The Gentle Leader Pulling on the lead is one of the few unpleasant experiences of bringing up a new puppy or dog. In recent years dog head collars have revolutionised our ability to help train good lead walking manners, as well as being a useful training aid to help keep your dog's attention. Although fairly straight forward to use, it is important that head collars are correctly fitted and that your dog be properly acclimatised to them: 
*How should the collar fit?*

Both the Gentle Leader and Halti collars should fit fairly snugly such that one finger can fit under the strap that fastens behind the ears. The nose strap should locate no closer than 15mm from your dog's eyes. On the Gentle Leader, the clip should tighten under the chin such that only one finger fits. 
*How do I acclimatise my dog to the collar?*


It will take a week or so to acclimatise your dog to a head collar. But these tips should help smooth the way:

Have some tasty treats at hand. Place the head collar over your hand such that it hangs around your wrist.
With the same hand, hold a treat with your fingers and offer it to your dog, but holding the treat such that they have to nibble at it. As your dog is nibbling the treat, simultaneously slide the collar over its face.
Now release the treat and while they are munching away, finish fitting the clasp. Give your dog another treat and praise them warmly.
At this point it is important to keep your dog distracted- either by you playing with him or letting your dog use its favourite toy. After 2-3 minutes remove the collar and play for a few more minutes.
Repeat this 3-4 times a day for the first week and only playing with your dog whilst they are wearing the head collar. As you progress, start to introduce a command word that your dog can start to associate with the collar being fitted. Don't use a lead until your have completed this stage.
Once your dog is able to wear the collar for 5 minutes without distraction (i.e. scratching or trying to remove it), attach his lead and continue playing with them for a few minutes. Repeat this until your dog is not distracted by the head collar or lead.
Once your dog is acclimatised, gradually build up the time your dog spends wearing the head collar and lead to the point you can take short walks.
*IMPORTANT: *

Remember, keep this a positive experience for your dog and don't try to achieve too much in one go.
Don't allow your dog to wear a head collar unsupervised. This will give them a chance to learn how to remove them.
Never tug your lead hard when your dog is wearing a head collar. This may cause them neck injuries.
For the same reason, never use retractable or very long leads as these may allow your dog pick up speed before the lead takes up.


----------



## Amalthea (Oct 2, 2007)

Nemesis027 said:


> there are collars with inside teeth...when the dog pulls they drive into the neck and pinch the skin. Try it...if that doesn't stop him the first or second time from pulling away from you then try something else. We used this once on a lurcher that would always try and pull himself free...never did it again and we have never needed to use it there after. But living on the forest it is a must to be able to keep your dog under control which is why we tried it.

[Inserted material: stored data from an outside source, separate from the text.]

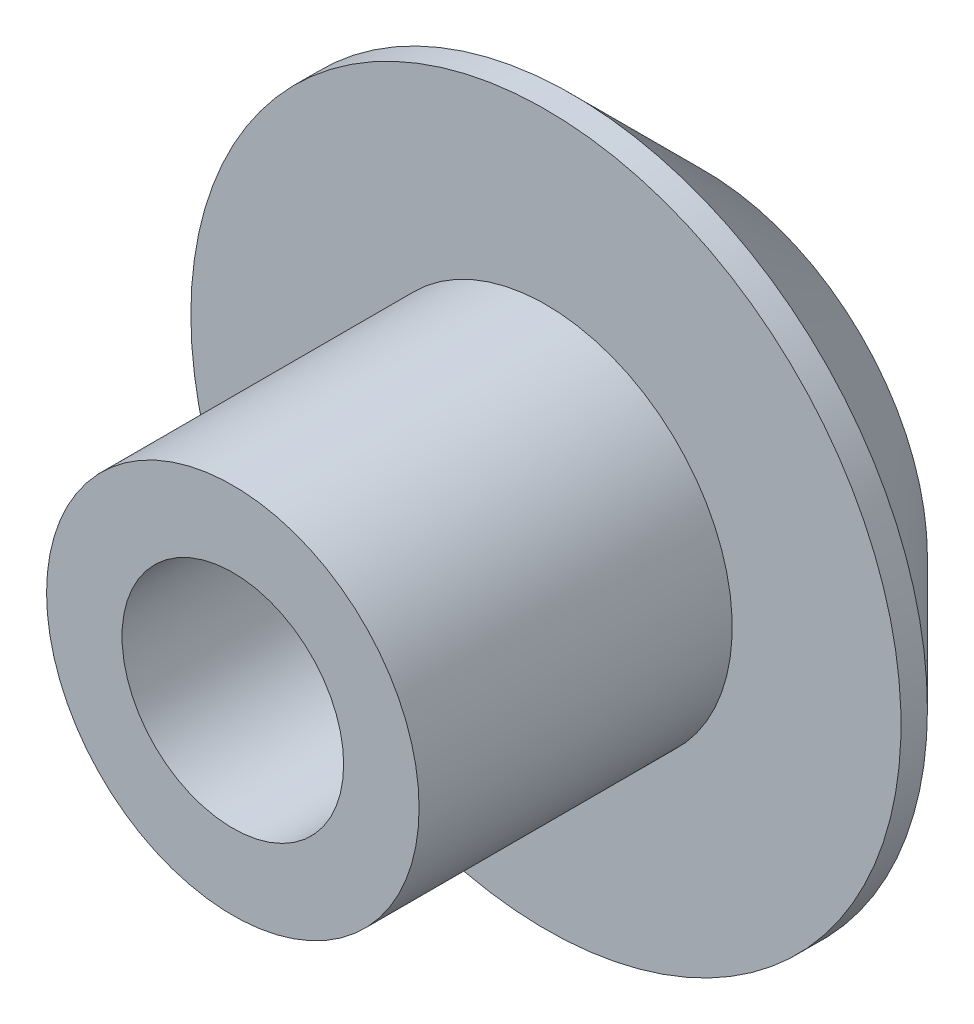
from build123d import *

# Parameters (mm, degrees)
ESBO_O1_R                = 1.975
ESBO_O1_R_2              = 1.175
RESSALTO_EXTRUS_O1_DEPTH = 5
ESBO_O2_R                = 3.765
ESBO_O2_R_2              = 1.175
RESSALTO_EXTRUS_O2_DEPTH = 1.68
CHANFRO1_SIZE            = 1.4


with BuildPart() as part:
    # Esboço1 → Ressalto-extrusão1 (new body)
    with BuildSketch(Plane.XY):
        Circle(ESBO_O1_R)
        Circle(ESBO_O1_R_2, mode=Mode.SUBTRACT)
    extrude(amount=RESSALTO_EXTRUS_O1_DEPTH)

    # Esboço2 → Ressalto-extrusão2 (add)
    with BuildSketch(Plane(origin=(0, 0, 0), x_dir=(-1, 0, 0), z_dir=(0, 0, -1))):
        Circle(ESBO_O2_R)
        with Locations(Location((0, 0, 0), (0, 0, 180))):
            Circle(ESBO_O2_R_2, mode=Mode.SUBTRACT)
    extrude(amount=-RESSALTO_EXTRUS_O2_DEPTH)

    # Chanfro1
    chanfro1_edges = [part.edges().sort_by_distance(p)[0] for p in [
        (3.765, 0, 0),
    ]]
    chamfer(chanfro1_edges, length=CHANFRO1_SIZE)


solid = part.part
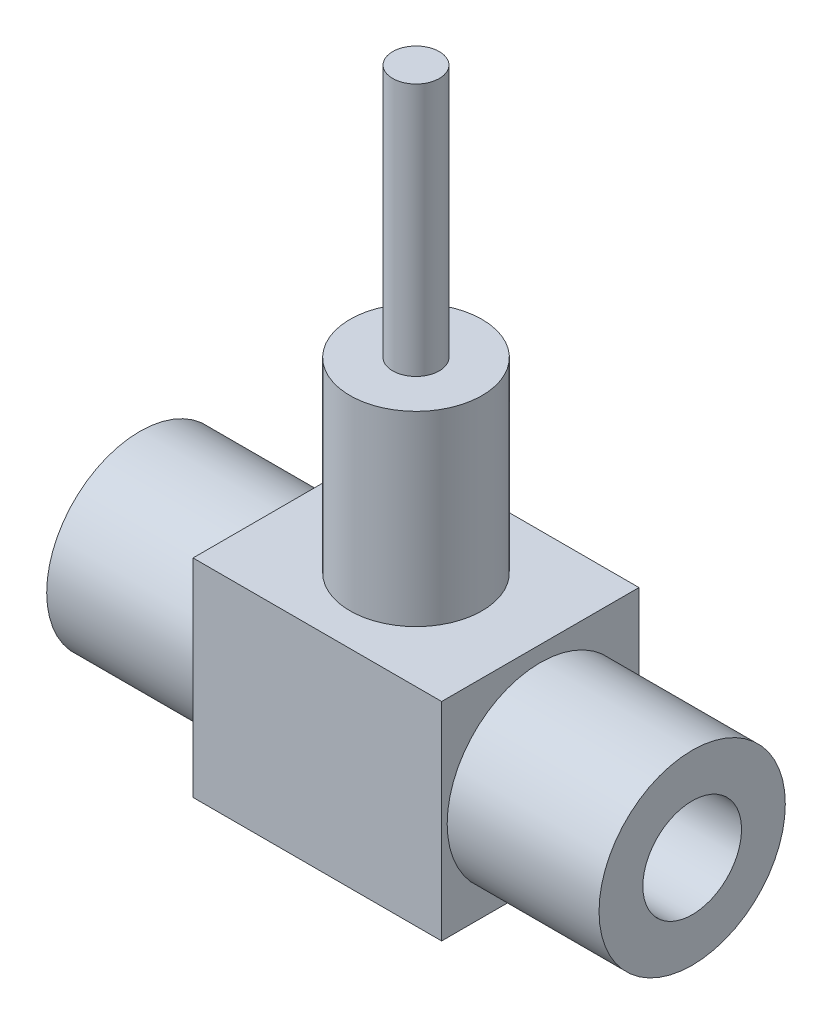
from build123d import *

# Parameters (mm, degrees)
BODY_SKETCH_W                   = 32
BODY_SKETCH_H                   = 26.7
BODY_DEPTH                      = 12.7
NUT_X_SKETCH_W                  = 19.55
NUT_X_SKETCH_H                  = 11.988
NUT_X_SKETCH_2_W                = 19.55
NUT_X_SKETCH_2_H                = 11.988
SOCKET_X_SKETCH_W               = 23.9
SOCKET_X_SKETCH_H               = 6.35
SOCKET_X_SKETCH_2_W             = 23.9
SOCKET_X_SKETCH_2_H             = 6.35
TORCH_NITROUS_PORT_SKETCH_R     = 3.5
TORCH_NITROUS_PORT_DEPTH        = 8.6
TORCH_NITROUS_DRILLING_SKETCH_R = 1
TORCH_NITROUS_DRILLING_DEPTH    = 12.7


with BuildPart() as part:
    # Body Sketch → Body (new, symmetric)
    with BuildSketch(Plane.XY):
        with Locations((0, 0.65)):
            Rectangle(BODY_SKETCH_W, BODY_SKETCH_H)
    extrude(amount=BODY_DEPTH, both=True)

    # Nut _X Sketch → Nut _X (revolve)
    with BuildSketch(Plane.XY):
        with Locations((25.775, 5.994)):
            Rectangle(NUT_X_SKETCH_W, NUT_X_SKETCH_H)
    revolve(axis=Axis((-1000, 0, 0), (1, 0, 0)))

    # Nut -X Sketch 2 → Nut -X 2 (revolve)
    with BuildSketch(Plane.XY):
        with Locations((-25.775, 5.994)):
            Rectangle(NUT_X_SKETCH_2_W, NUT_X_SKETCH_2_H)
    revolve(axis=Axis((-1000, 0, 0), (1, 0, 0)))

    # Socket _X Sketch → Socket _X (revolve, cut)
    with BuildSketch(Plane.XY):
        with Locations((24.6, 3.175)):
            Rectangle(SOCKET_X_SKETCH_W, SOCKET_X_SKETCH_H)
    revolve(axis=Axis((-1000, 0, 0), (1, 0, 0)), mode=Mode.SUBTRACT)

    # Socket -X Sketch 2 → Socket -X 2 (revolve, cut)
    with BuildSketch(Plane.XY):
        with Locations((-24.6, 3.175)):
            Rectangle(SOCKET_X_SKETCH_2_W, SOCKET_X_SKETCH_2_H)
    revolve(axis=Axis((-1000, 0, 0), (1, 0, 0)), mode=Mode.SUBTRACT)

    # Stem Sketch → Stem (revolve)
    with BuildSketch(Plane.XY):
        Polygon((0, 14), (8.5, 14), (8.5, 38), (3, 38), (3, 70.6), (0, 70.6), align=None)
    revolve(axis=Axis((0, -500, 0), (0, 1, 0)))

    # Torch Nitrous Port Sketch → Torch Nitrous Port (cut)
    with BuildSketch(Plane.XY.offset(-12.7)):
        with Locations((-8, 0)):
            Circle(TORCH_NITROUS_PORT_SKETCH_R)
    extrude(amount=TORCH_NITROUS_PORT_DEPTH, mode=Mode.SUBTRACT)

    # Torch Nitrous Drilling Sketch → Torch Nitrous Drilling (cut)
    with BuildSketch(Plane.XY.offset(-12.7)):
        with Locations((-8, 0)):
            Circle(TORCH_NITROUS_DRILLING_SKETCH_R)
    extrude(amount=TORCH_NITROUS_DRILLING_DEPTH, mode=Mode.SUBTRACT)


solid = part.part
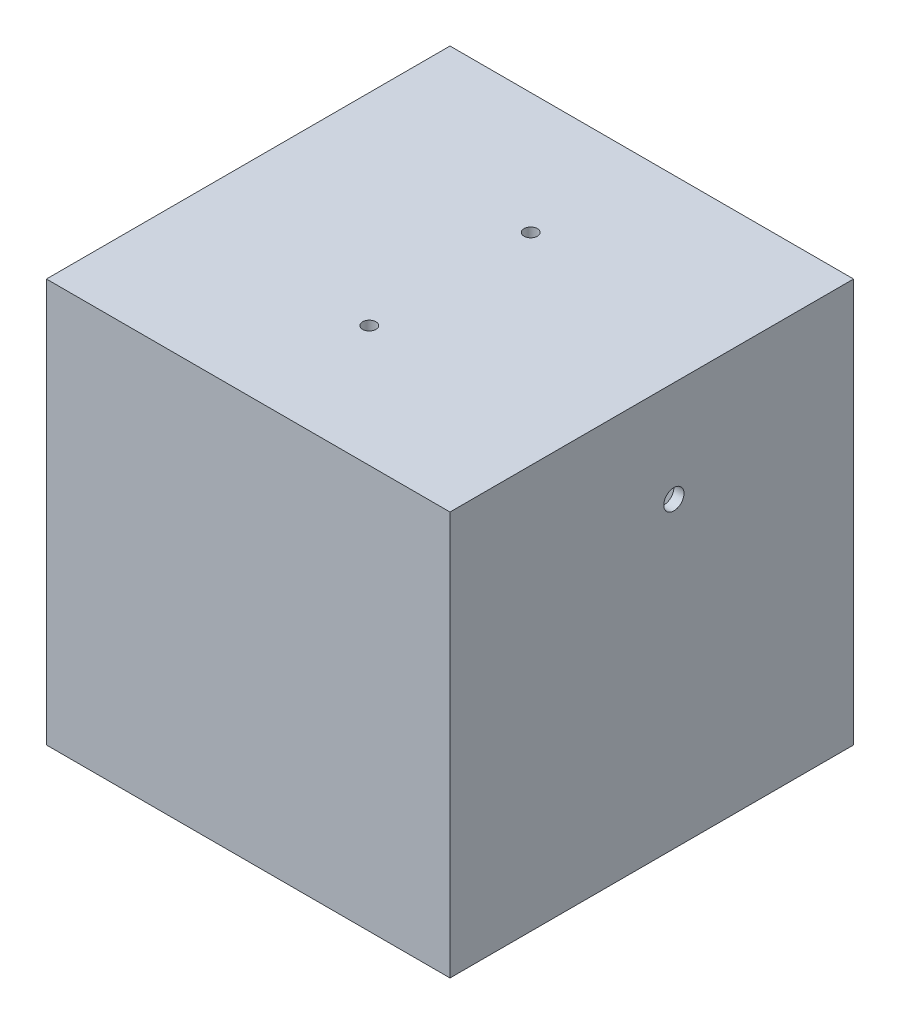
from build123d import *

# Parameters (mm, degrees)
SKETCH_1_W          = 200
SKETCH_1_H          = 200
EXTRUDE_1_DEPTH     = 5
SKETCH_3_W          = 200
SKETCH_3_H          = 200
SKETCH_3_W_2        = 190
SKETCH_3_H_2        = 190
EXTRUDE_2_DEPTH     = 190
SKETCH_4_W          = 200
SKETCH_4_H          = 200
SKETCH_4_R          = 70
EXTRUDE_3_DEPTH     = 5
SKETCH_5_R          = 3.3
CUT_EXTRUDE_1_DEPTH = 5
SKETCH_7_R          = 5
CUT_EXTRUDE_2_DEPTH = 344.547667726


with BuildPart() as part:
    # 草图1 → 凸台-拉伸1 (new body)
    with BuildSketch(Plane(origin=(0, 0, 0), x_dir=(1, 0, 0), z_dir=(0, 1, 0))):
        with Locations((100, 100)):
            Rectangle(SKETCH_1_W, SKETCH_1_H)
    extrude(amount=EXTRUDE_1_DEPTH)

    # 草图3 → 凸台-拉伸2 (add)
    with BuildSketch(Plane.XZ):
        with Locations((100, -100)):
            Rectangle(SKETCH_3_W, SKETCH_3_H)
        with Locations((100, -100)):
            Rectangle(SKETCH_3_W_2, SKETCH_3_H_2, mode=Mode.SUBTRACT)
    extrude(amount=EXTRUDE_2_DEPTH)

    # 草图4 → 凸台-拉伸3 (add)
    with BuildSketch(Plane.XZ.offset(190)):
        with Locations((100, -100)):
            Rectangle(SKETCH_4_W, SKETCH_4_H)
        with Locations(Location((100, -100, 0), (0, 0, 270))):
            Circle(SKETCH_4_R, mode=Mode.SUBTRACT)
    extrude(amount=EXTRUDE_3_DEPTH)

    # 草图5 → 切除-拉伸1 (cut)
    with BuildSketch(Plane(origin=(0, 5, 0), x_dir=(1, 0, 0), z_dir=(0, 1, 0))):
        with Locations(Location((100, 140, 0), (0, 0, 270))):
            Circle(SKETCH_5_R)
        with Locations(Location((100, 60, 0), (0, 0, 90))):
            Circle(SKETCH_5_R)
    extrude(amount=-CUT_EXTRUDE_1_DEPTH, mode=Mode.SUBTRACT)

    # 草图7 → 切除-拉伸2 (cut, through all)
    with BuildSketch(Plane(origin=(200, 0, 0), x_dir=(0, 0, -1), z_dir=(1, 0, 0))):
        with Locations((110.95, -45)):
            Circle(SKETCH_7_R)
    extrude(amount=-CUT_EXTRUDE_2_DEPTH, mode=Mode.SUBTRACT)


solid = part.part
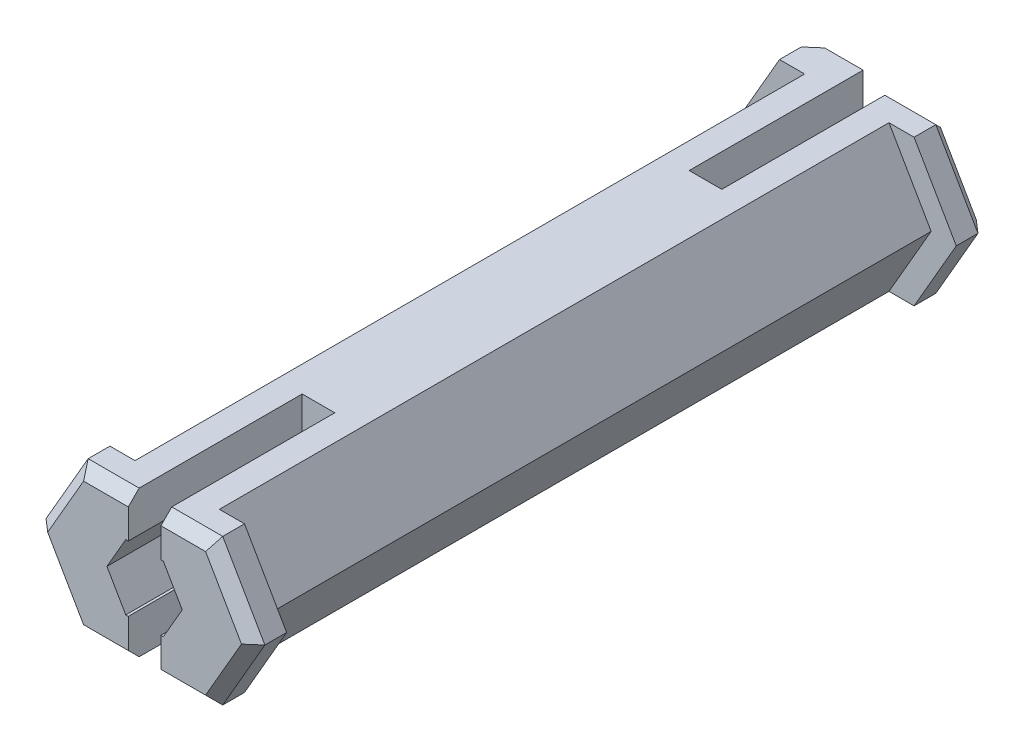
from build123d import *

# Parameters (mm, degrees)
BOSS_EXTRU_1_DEPTH      = 15.4
BOSS_EXTRU_2_DEPTH      = 1.5
ESQUISSE4_W             = 1.5
ESQUISSE4_H             = 0.855256697
ESQUISSE4_H_2           = 1.86
ESQUISSE4_H_3           = 3
ENL_V_MAT_EXTRU_1_DEPTH = 8
CHANFREIN1_SIZE         = 0.5


with BuildPart() as part:
    # Esquisse1 → Boss.-Extru.1 (new, symmetric)
    with BuildSketch(Plane(origin=(0, 0, 0), x_dir=(0, 1, 0), z_dir=(0, 0, 1))):
        Polygon((0, 3.879793809), (-3.36, 1.939896904), (-3.36, -1.939896904), (0, -3.879793809), (3.36, -1.939896904), (3.36, 1.939896904), align=None)
    extrude(amount=BOSS_EXTRU_1_DEPTH, both=True)

    # Esquisse2 → Boss.-Extru.2 (add)
    with BuildSketch(Plane.XY.offset(15.4)):
        Polygon((-1.939896904, 3.36), (-3.094597443, 3.36), (-5.034494347, 0), (-3.094597443, -3.36), (-1.939896904, -3.36), (-3.879793809, 0), align=None)
        Polygon((3.094597443, 3.36), (1.939896904, 3.36), (3.879793809, 0), (1.939896904, -3.36), (3.094597443, -3.36), (5.034494347, 0), align=None)
        Polygon((1.939896904, 3.36), (-1.939896904, 3.36), (-3.879793809, 0), (-1.939896904, -3.36), (1.939896904, -3.36), (3.879793809, 0), align=None)
    boss_extru_2 = extrude(amount=BOSS_EXTRU_2_DEPTH)

    # Esquisse4 → Enlèv. mat.-Extru.1 (cut)
    with BuildSketch(Plane.XY.offset(16.9)):
        with Locations((0, 3.787628349)):
            Rectangle(ESQUISSE4_W, ESQUISSE4_H)
        with Locations((0, 2.43)):
            Rectangle(ESQUISSE4_W, ESQUISSE4_H_2)
        Rectangle(ESQUISSE4_W, ESQUISSE4_H_3)
        with Locations((0, -2.43)):
            Rectangle(ESQUISSE4_W, ESQUISSE4_H_2)
        Polygon((0.75, 1.5), (0.75, -1.5), (0.866025404, -1.5), (1.732050808, 0), (0.866025404, 1.5), align=None)
        Polygon((-0.866025404, 1.5), (-1.732050808, 0), (-0.866025404, -1.5), (-0.75, -1.5), (-0.75, 1.5), align=None)
    enl_v_mat_extru_1 = extrude(amount=-ENL_V_MAT_EXTRU_1_DEPTH, mode=Mode.SUBTRACT)

    # Symétrie2: Boss.-Extru.2, Enlèv. mat.-Extru.1 across plane
    add(boss_extru_2.mirror(Plane.XY))
    add(enl_v_mat_extru_1.mirror(Plane.XY), mode=Mode.SUBTRACT)

    # Chanfrein1
    chanfrein1_edges = [part.edges().sort_by_distance(p)[0] for p in [
        (1.922298721, -3.36, -16.9),
        (1.922298721, 3.36, -16.9),
        (-1.922298721, 3.36, 16.9),
        (-1.922298721, -3.36, 16.9),
        (4.064545895, -1.68, 16.9),
        (4.064545895, 1.68, 16.9),
        (-4.064545895, 1.68, 16.9),
        (-4.064545895, -1.68, 16.9),
        (1.922298721, -3.36, 16.9),
        (1.922298721, 3.36, 16.9),
        (-4.064545895, -1.68, -16.9),
        (-4.064545895, 1.68, -16.9),
        (4.064545895, 1.68, -16.9),
        (4.064545895, -1.68, -16.9),
    ]]
    chamfer(chanfrein1_edges, length=CHANFREIN1_SIZE)


solid = part.part

I would never put one of these on any animal, much less one I professed to love. Imagine if you were wearing it... I'm sure it more than "pinches the skin".


----------



## ipsilon (Oct 27, 2007)

Mush said:


> for f*cks sake i came on here for bloomin advice on how to try and fix this problem and u lot being u lot have decided to turn it into something nasty yet again.
> 
> first of all as highlighted above he* IS *on a harness. I wouldnt walk him any other way
> 
> ...



You have GOT to be kidding me! Did you actually read my post without going off on one hollering obscenities at me? Thanks for the personal and abusive comments, that's really made my day. I don't come on here to get called an "a**hole" for no reason other than trying to help.


----------



## Shell195 (May 31, 2007)

*DOUBLE-ENDED LEADS - *
Allows two points of contact (when used in conjunction with other equipment) making walking more pleasurable.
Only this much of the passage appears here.